You'll notice that this function doesn't have a type annotation, but we can ask GHCi if we're curious:

ghci> :t sumGrades sumGrades :: (Ord a, Num a, Read a) => [String] -> [(a, Int)]

This enabled me to get a count of each sum of grades:

ghci> sumGrades <$> inputLines [(0,6),(2,102),(4,314),(6,238),(7,48),(8,42),(9,272),(10,6), (11,112),(12,46),(14,138),(16,28),(17,16),(19,32),(22,4),(24,2)]

The way to read this is that the sum *0* occurs six times, *2* appears *102* times, etc.

There's one remaining task to accomplish before we can produce a PMF of the sum of grades: We need to enumerate the range, because, as it turns out, there are sums that are possible, but that don't appear in the data set. Can you spot which ones?

Using tools already covered, it's easy to enumerate all possible sums:

ghci> import Data.List ghci> sort $ nub $ (uncurry (+)) <$> join (liftA2 (,)) [-3,0,2,4,7,10,12] [-6,-3,-1,0,1,2,4,6,7,8,9,10,11,12,14,16,17,19,20,22,24]

The sums *-6*, *-3*, *-1*, and more, are possible, but don't appear in the data set.
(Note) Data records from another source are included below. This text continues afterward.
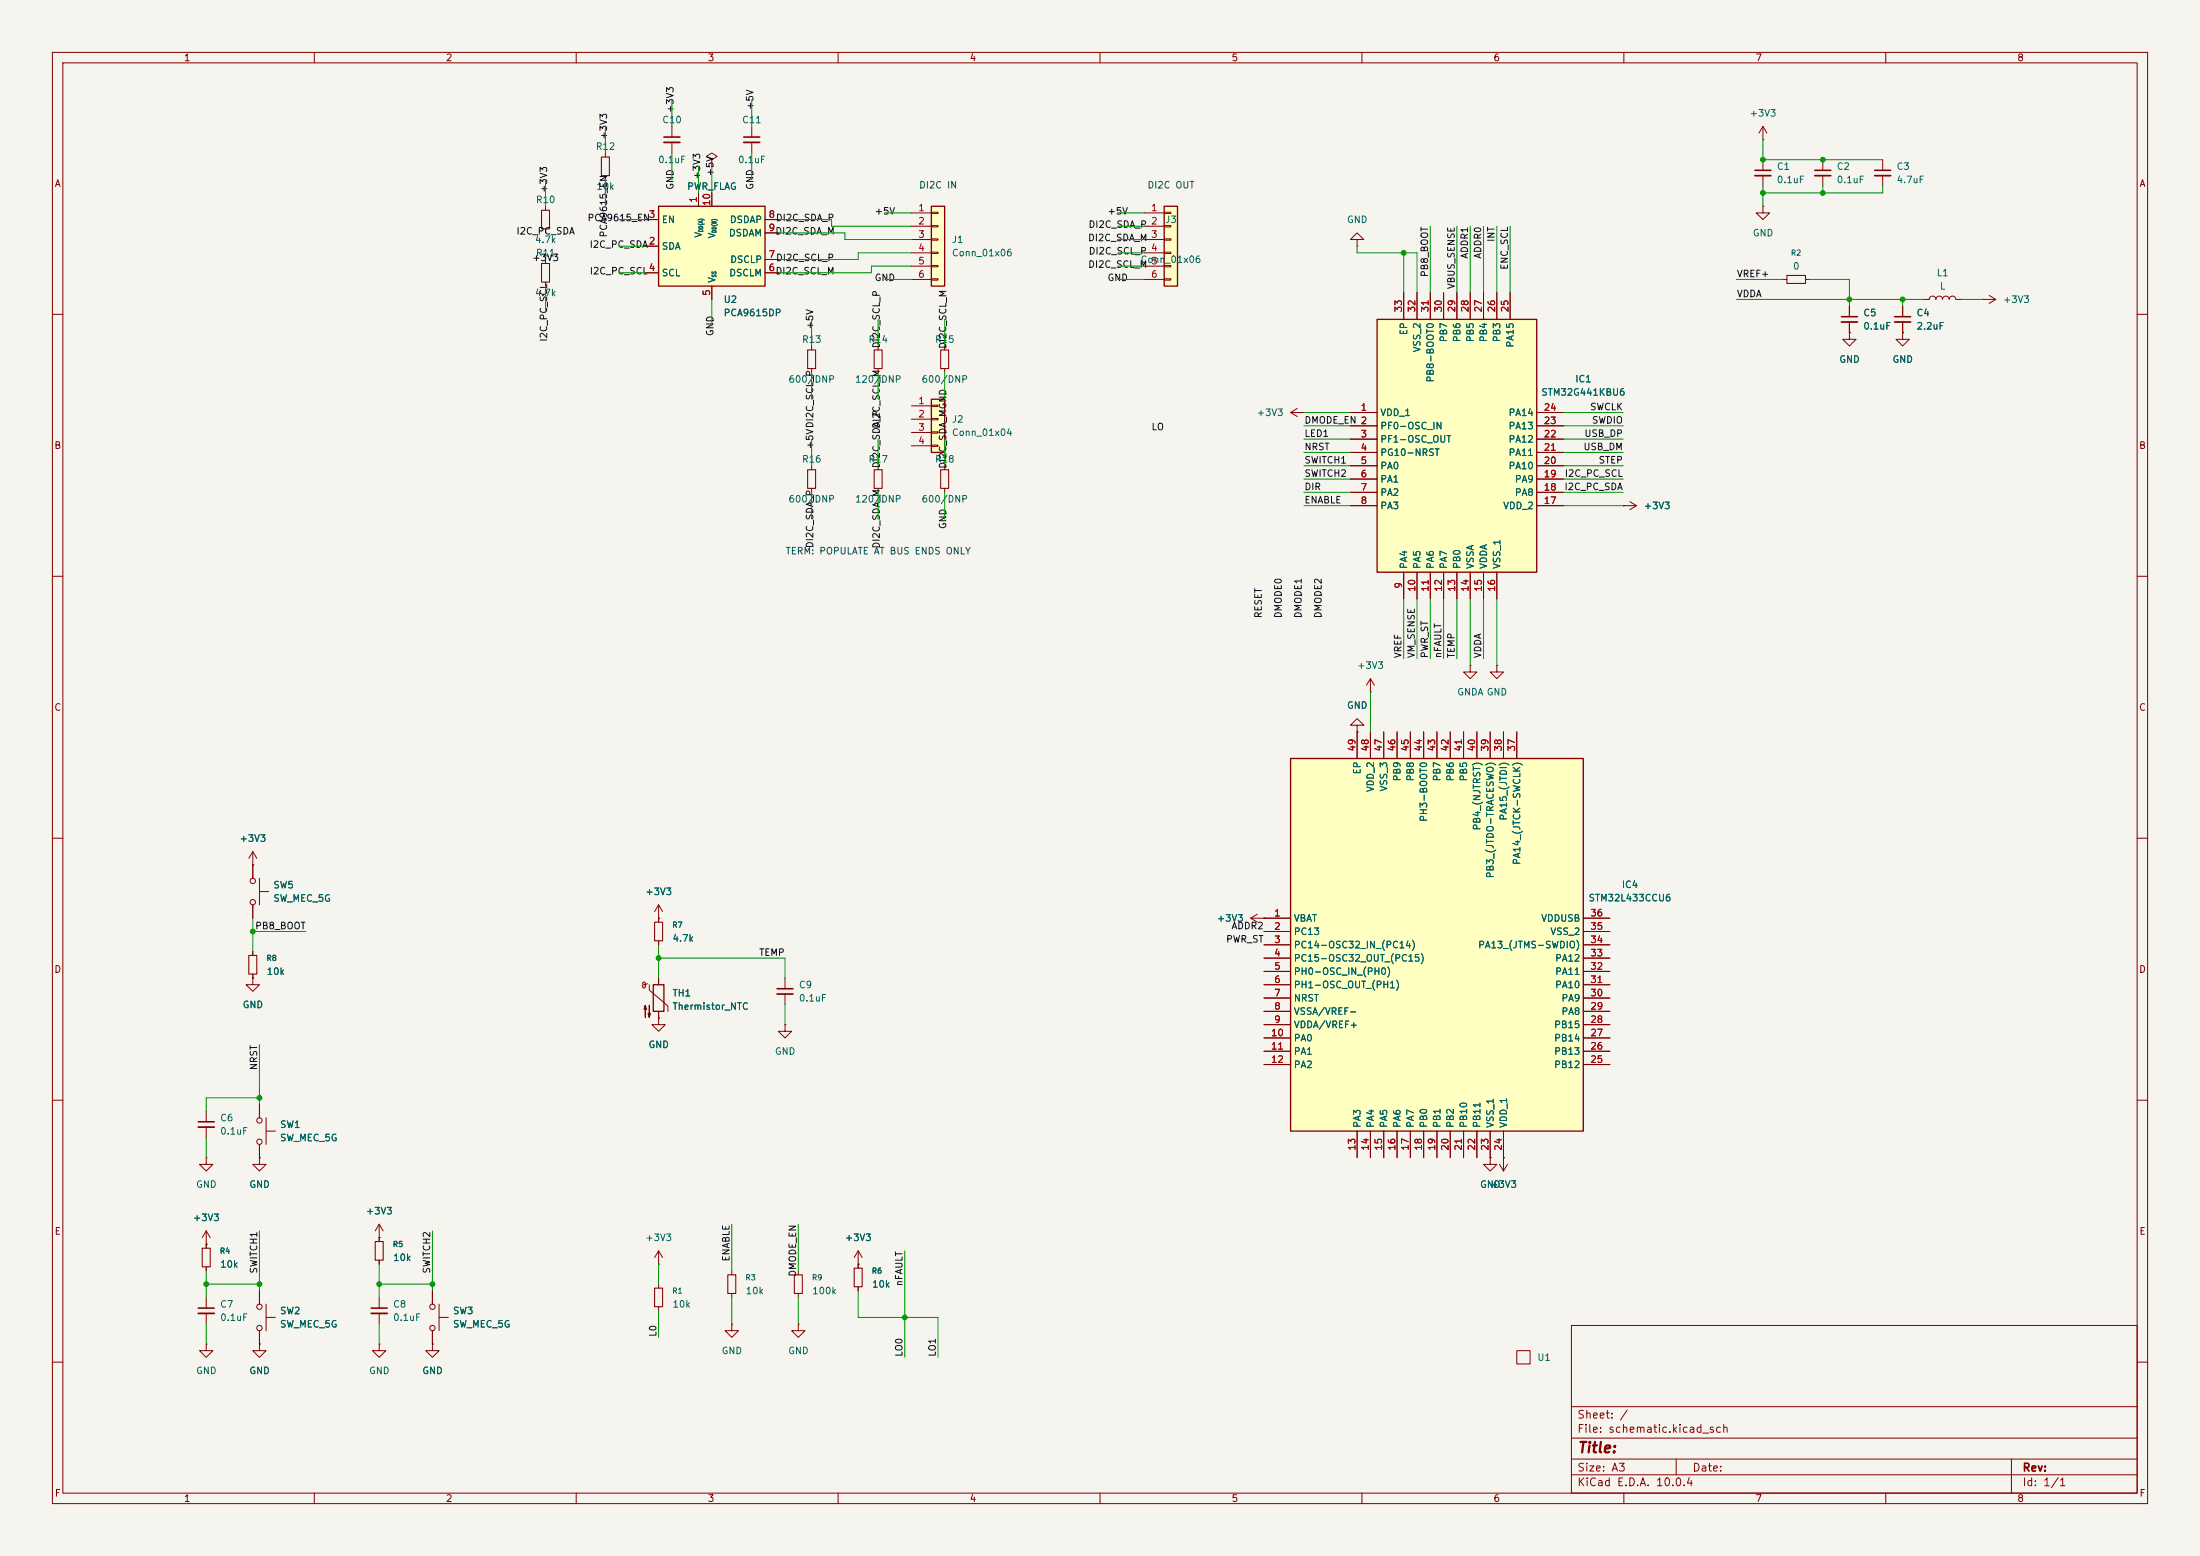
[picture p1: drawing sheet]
<svg xmlns="http://www.w3.org/2000/svg" width="420mm" height="297mm" viewBox="0 0 420 297" stroke-linecap="round" stroke-linejoin="round" font-family="sans-serif">
<path d="M0 0h420v297h-420z" fill="#f5f4ef" stroke="#f5f4ef" stroke-width=".19"/>
<g fill="none" stroke="#840000" stroke-width=".19">
<path d="M10 10h400v277h-400zM12 12h396v273h-396zM60 10v2M110 10v2M160 10v2M210 10v2M260 10v2M310 10v2M360 10v2M128.3 24.1v2.1M128.3 27.2v2M135.9 30.5l1-.7-1-.6-1 .6 1 .7v1.3"/>
<path d="M135.9 31.8h.1M143.5 24.1v2.1M143.5 27.2v2M10 60h2M154.9 66v.8M154.9 70.4v.7M167.6 66v.8M167.6 70.4v.7M180.3 66v.8M180.3 70.4v.7M408 60h2M10 110h2"/>
<path d="M408 110h2M10 160h2M408 160h2M125.7 175.3h.1M125.7 172.7v3.3M125.7 179.6v.7M125.7 172.7l-.7 1.3M125.7 172.7l.8 1.3M48.3 186.7v1.3h1.2l-1.2 1.2-1.3-1.2h1.3M48.3 186.7h.1M122.6 188.1l.1 .2M123.6 187.7l-.3 .2-.4 .1-.2-.3 .1-.2 .4 .1v.8l-.3 .2-.2-.3"/>
<path d="M124 188v1l3.5 3v1M125.7 194.3v1.3h1.3l-1.3 1.3-1.2-1.3h1.2M125.7 194.3h.1M125.7 186.7v1.3M125.7 193v1.3M10 210h2M408 210h2M72.4 236.2h.1M72.4 233.7l-.8 1.2M72.4 233.7l.8 1.2M72.4 233.7v3.3M125.7 238.8l-.7 1.2"/>
<path d="M125.7 238.8l.8 1.2M125.7 238.8v2.5M39.4 256.5v1.3h1.2l-1.2 1.3-1.3-1.3h1.3M39.4 256.5h.1M39.4 247.6v2.1M39.4 250.7v2M49.5 256.5v1.3h1.3l-1.3 1.3-1.2-1.3h1.2M49.5 256.5h.1M49.5 246.4v2.5M49.5 254v2.5M50.8 251.5h1.8M50.8 248.9v5.1"/>
<path d="M72.4 256.5v1.3h1.3l-1.3 1.3-1.3-1.3h1.3M72.4 256.5h.1M72.4 240.5v.8M72.4 247.6v2.1M72.4 250.7v2M82.5 256.5v1.3h1.3l-1.3 1.3-1.2-1.3h1.2M82.5 256.5h.1M82.5 246.4v2.5M82.5 254v2.5M83.8 251.5h1.8M83.8 248.9v5.1M125.7 241.3h.1"/>
<path d="M152.4 252.7v1.3h1.3l-1.3 1.3-1.3-1.3h1.3M152.4 252.7h.1M300 253h108v32h-108zM10 260h2M300 278.5h108M300 274.5h108M300 268.5h108M320 278.5v3M384 278.5v6.5M408 260h2M60 285v2M110 285v2"/>
<path d="M160 285v2M210 285v2M260 285v2M300 281.5h108M310 285v2M360 285v2"/>
<circle cx="49.5" cy="253.5" r=".51"/>
<circle cx="49.5" cy="249.4" r=".51"/>
<circle cx="82.6" cy="253.5" r=".51"/>
<circle cx="82.6" cy="249.4" r=".51"/>
</g>
<path d="M154.2 66.8h1.5v3.6h-1.5zM166.9 66.8h1.5v3.6h-1.5zM179.6 66.8h1.5v3.6h-1.5zM125 176h1.5v3.6h-1.5zM71.6 237h1.6v3.5h-1.6z" fill="none" stroke="#840000" stroke-width=".2"/>
<path d="M126.7 26.2h3.1M142 26.2h3M37.8 249.7h3.1M70.9 249.7h3" fill="none" stroke="#840000" stroke-width=".3"/>
<path d="M126.7 27.2h3.1M142 27.2h3M37.8 250.7h3.1M70.9 250.7h3" fill="none" stroke="#840000" stroke-width=".33"/>
<g fill="#840000" stroke="#840000" stroke-width=".19">
<path d="M123.2 191.9l.2 .8h-.5l.3-.8v2.3z"/>
<path d="M124 191.9v2.3l-.3-.8h.5l-.2 .8z"/>
</g>
<path d="M124.7 188h2v5h-2z" fill="none" stroke="#840000" stroke-width=".25"/>
<path d="M125.7 39.4h20.3v15.2h-20.3z" fill="#ffffc2"/>
<path d="M125.7 39.4h20.3v15.2h-20.3z" fill="none" stroke="#840000" stroke-width=".25"/>
<g fill="none" stroke="#840000" stroke-width=".19">
<path d="M104.1 39.4v.7M115.6 29.2v.8M115.6 33.5v.8M133.3 36.8v2.6M135.9 36.8v2.6M336.5 26.7h.1M336.5 39.4v1.2h1.3l-1.3 1.3-1.2-1.3h1.2M336.5 39.4h.1M336.5 24.1l-.7 1.3M336.5 24.1l.8 1.3M336.5 24.1v2.6M336.5 30.5v2"/>
<path d="M336.5 33.5v2.1M348 30.5v2M348 33.5v2.1M359.4 30.5v2M359.4 33.5v2.1M104.1 43.7v.8M104.1 49.5v.8M104.1 53.8v.8M123.2 47h2.5M123.2 41.9h2.5M123.2 52.1h2.5M135.9 54.6v2.6"/>
<path d="M146 41.9h2.6M146 52.1h2.6M146 49.5h2.6M146 44.5h2.6M340.4 53.3h.7M344.7 53.3h.7M353.1 58.4v2.1M363.2 58.4v2.1M367 57.2h1.3a.64 .64 0 0 1 .6-.7 .64 .64 0 0 1 .7 .7 .64 .64 0 0 1 .6-.7 .64 .64 0 0 1 .6 .7 .64 .64 0 0 1 .7-.7 .64 .64 0 0 1 .6 .7 .64 .64 0 0 1 .6-.7 .64 .64 0 0 1 .7 .7h1.2M378.5 57.2h.1M378.5 57.2h2.5M379.7 56.4l1.3 .8"/>
<path d="M381 57.2l-1.3 .7M353.1 63.5v1.3h1.2l-1.2 1.2-1.3-1.2h1.3M353.1 63.5h.1M353.1 61.5v2M363.2 63.5v1.3h1.3l-1.3 1.2-1.3-1.2h1.3M363.2 63.5h.1M363.2 61.5v2M154.9 88.9v.8M154.9 93.2v.8M167.6 88.9v.8M167.6 93.2v.8M180.3 88.9v.8"/>
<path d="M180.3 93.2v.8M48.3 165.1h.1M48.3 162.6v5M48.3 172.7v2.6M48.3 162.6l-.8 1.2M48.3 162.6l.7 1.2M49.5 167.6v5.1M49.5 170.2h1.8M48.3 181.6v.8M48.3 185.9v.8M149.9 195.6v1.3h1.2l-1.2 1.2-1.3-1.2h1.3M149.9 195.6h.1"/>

Thus, in the PMF for two randomly picked grades, the probability that the sum is *-6* is *0*. On the other hand, the probability that the sum is *0* is *6/1406 ~ 0.004267*, and so on.

### Difference of experience levels #

The other question posed in the assignment was to produce the PMF for the absolute difference between two randomly selected students' experience levels.

Answering that question follows the same mould as above. First, extract experience level from each data row, instead of the grade:

experience :: Read a => String -> a experience line = read $ splitOn "," line !! 3

Since I was doing an ad-hoc script, I just copied the `grade`

function and changed the index from `2`

to `3`

. Enumerating the experience differences were also a close copy of `sumGrades`

:

diffExp ls = liftA2 (,) NE.head length <$> NE.group (sort (abs . uncurry (-) . unPair . fmap (experience . (ls !!)) . Pair <$> choices (indices ls)))

Running it in the REPL produces some other numbers, to be interpreted the same way as above:

ghci> diffExp <$> inputLines [(0,246),(1,472),(2,352),(3,224),(4,82),(5,24),(6,6)]

This means that the difference *0* occurs *246* times, *1* appears *472* times, and so on. From those numbers, it's fairly simple to set up the PMF.

### Figures #

Another part of the assignment was to produce plots of both PMFs. I don't know how to produce figures with Haskell, and since the final results are just a handful of numbers each, I just copied them into a text editor to align them, and then pasted them into Excel to produce the figures there.

Here's the PMF for the differences:

I originally created the figure with Danish labels. I'm sure that you can guess what *differens* means, and *sandsynlighed* means *probability*.

### Conclusion #

In this article you've seen the artefacts of an ad-hoc script to extract and analyze a small data set. While I've spent quite a few words to explain what's going on, the entire `Crunch`

module is only 34 lines of code. Add to that a few ephemeral queries done directly in GHCi, but never saved to a file. It's been some months since I wrote the code, but as far as I recall, it took me a few hours all in all.

If you do stuff like this every day, you probably find that appalling, but data crunching isn't really my main thing.

Is it quicker to do it in Python? Not for me, it turns out. It also took me a couple of hours to repeat the exercise in Python.